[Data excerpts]
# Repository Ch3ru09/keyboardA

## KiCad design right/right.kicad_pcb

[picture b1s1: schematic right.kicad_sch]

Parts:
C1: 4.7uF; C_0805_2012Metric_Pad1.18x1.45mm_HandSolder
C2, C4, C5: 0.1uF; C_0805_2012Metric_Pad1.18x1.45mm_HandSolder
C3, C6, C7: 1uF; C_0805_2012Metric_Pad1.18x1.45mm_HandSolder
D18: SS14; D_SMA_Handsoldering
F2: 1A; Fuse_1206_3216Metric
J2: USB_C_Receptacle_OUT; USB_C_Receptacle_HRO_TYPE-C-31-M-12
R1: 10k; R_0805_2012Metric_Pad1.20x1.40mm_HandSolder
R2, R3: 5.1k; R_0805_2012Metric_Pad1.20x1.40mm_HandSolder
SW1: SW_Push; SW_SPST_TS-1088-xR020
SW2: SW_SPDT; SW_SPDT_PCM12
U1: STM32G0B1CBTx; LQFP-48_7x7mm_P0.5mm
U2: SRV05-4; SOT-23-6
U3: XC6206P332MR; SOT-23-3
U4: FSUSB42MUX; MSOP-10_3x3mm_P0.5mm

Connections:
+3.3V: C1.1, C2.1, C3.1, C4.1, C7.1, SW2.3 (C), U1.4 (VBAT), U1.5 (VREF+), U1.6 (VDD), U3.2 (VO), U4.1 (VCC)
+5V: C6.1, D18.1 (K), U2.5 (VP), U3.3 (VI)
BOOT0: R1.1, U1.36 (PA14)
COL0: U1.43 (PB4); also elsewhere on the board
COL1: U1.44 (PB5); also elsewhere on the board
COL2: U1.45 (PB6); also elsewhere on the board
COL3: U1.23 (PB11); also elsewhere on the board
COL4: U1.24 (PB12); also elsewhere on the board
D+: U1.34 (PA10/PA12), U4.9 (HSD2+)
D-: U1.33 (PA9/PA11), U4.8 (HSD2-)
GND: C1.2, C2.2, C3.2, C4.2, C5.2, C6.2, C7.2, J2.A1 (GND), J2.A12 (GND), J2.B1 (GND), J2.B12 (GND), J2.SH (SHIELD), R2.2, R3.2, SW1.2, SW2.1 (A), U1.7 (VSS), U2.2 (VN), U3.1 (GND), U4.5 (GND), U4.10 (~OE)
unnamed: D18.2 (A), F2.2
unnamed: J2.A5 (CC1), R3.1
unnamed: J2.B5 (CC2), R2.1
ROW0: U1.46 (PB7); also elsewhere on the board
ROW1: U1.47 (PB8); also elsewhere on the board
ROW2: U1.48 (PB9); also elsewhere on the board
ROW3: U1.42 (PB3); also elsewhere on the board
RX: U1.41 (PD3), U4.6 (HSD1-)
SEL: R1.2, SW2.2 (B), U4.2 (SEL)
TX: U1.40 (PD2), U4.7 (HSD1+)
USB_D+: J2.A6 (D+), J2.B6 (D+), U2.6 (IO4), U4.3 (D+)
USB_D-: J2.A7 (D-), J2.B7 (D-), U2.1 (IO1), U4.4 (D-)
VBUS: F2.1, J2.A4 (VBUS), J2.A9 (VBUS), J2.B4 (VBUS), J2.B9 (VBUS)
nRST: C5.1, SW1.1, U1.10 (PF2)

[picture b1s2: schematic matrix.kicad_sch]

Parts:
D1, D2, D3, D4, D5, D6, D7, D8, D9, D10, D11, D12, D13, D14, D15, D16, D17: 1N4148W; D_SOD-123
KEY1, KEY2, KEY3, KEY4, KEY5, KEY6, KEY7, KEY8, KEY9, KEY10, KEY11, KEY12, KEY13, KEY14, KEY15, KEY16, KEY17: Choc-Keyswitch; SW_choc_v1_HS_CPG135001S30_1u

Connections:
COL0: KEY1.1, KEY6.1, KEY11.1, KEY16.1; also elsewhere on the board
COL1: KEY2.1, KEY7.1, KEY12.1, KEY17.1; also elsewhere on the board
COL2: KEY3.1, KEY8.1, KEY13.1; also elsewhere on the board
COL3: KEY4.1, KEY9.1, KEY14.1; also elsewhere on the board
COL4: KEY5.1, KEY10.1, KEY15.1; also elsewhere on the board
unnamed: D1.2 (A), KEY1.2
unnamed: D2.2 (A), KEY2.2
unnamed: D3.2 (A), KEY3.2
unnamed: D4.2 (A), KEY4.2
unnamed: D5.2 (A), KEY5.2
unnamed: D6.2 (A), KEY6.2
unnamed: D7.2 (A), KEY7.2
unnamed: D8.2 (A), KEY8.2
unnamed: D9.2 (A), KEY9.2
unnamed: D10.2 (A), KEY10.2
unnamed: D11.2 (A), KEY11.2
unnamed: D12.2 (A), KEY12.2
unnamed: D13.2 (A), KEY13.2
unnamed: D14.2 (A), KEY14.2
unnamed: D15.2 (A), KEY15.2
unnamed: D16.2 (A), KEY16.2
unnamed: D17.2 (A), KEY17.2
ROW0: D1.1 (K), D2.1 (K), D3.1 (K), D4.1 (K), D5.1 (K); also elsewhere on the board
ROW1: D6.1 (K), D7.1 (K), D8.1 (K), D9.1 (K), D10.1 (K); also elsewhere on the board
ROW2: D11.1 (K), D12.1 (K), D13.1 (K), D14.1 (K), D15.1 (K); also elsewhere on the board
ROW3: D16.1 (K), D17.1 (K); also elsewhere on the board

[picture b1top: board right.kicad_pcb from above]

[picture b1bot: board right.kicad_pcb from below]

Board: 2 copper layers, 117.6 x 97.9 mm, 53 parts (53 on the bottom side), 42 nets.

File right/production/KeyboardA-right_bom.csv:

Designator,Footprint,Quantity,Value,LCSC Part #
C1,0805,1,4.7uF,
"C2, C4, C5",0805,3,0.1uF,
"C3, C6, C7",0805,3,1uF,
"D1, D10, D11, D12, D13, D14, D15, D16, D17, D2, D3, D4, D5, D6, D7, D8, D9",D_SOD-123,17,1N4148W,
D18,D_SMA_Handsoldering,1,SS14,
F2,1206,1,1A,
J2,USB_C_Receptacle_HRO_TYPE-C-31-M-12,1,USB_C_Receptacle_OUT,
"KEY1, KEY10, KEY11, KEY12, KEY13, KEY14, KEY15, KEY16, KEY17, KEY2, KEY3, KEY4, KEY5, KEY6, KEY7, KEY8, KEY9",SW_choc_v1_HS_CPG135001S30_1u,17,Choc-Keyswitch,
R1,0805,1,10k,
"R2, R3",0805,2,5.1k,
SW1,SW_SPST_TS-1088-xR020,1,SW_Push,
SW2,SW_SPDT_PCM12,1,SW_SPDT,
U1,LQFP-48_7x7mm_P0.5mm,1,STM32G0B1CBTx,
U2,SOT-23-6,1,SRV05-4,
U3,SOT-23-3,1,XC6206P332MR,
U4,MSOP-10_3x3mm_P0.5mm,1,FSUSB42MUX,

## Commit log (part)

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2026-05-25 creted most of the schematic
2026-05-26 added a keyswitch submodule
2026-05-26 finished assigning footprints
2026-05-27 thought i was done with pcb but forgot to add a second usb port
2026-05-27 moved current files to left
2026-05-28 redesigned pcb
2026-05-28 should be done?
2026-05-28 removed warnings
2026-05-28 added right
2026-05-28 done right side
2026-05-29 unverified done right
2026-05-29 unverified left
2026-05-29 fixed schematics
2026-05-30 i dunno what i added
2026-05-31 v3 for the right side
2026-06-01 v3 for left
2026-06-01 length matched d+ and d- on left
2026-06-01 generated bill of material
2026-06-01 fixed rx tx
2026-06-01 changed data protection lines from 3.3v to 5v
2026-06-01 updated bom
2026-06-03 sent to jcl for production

**What you need to do:** The answer is the line with "2026-05-28 removed warnings" plus every line after it to the last line of the entries above, copied exactly and with no other lines.

**Answer box:**
2026-05-28 removed warnings
2026-05-28 added right
2026-05-28 done right side
2026-05-29 unverified done right
2026-05-29 unverified left
2026-05-29 fixed schematics
2026-05-30 i dunno what i added
2026-05-31 v3 for the right side
2026-06-01 v3 for left
2026-06-01 length matched d+ and d- on left
2026-06-01 generated bill of material
2026-06-01 fixed rx tx
2026-06-01 changed data protection lines from 3.3v to 5v
2026-06-01 updated bom
2026-06-03 sent to jcl for production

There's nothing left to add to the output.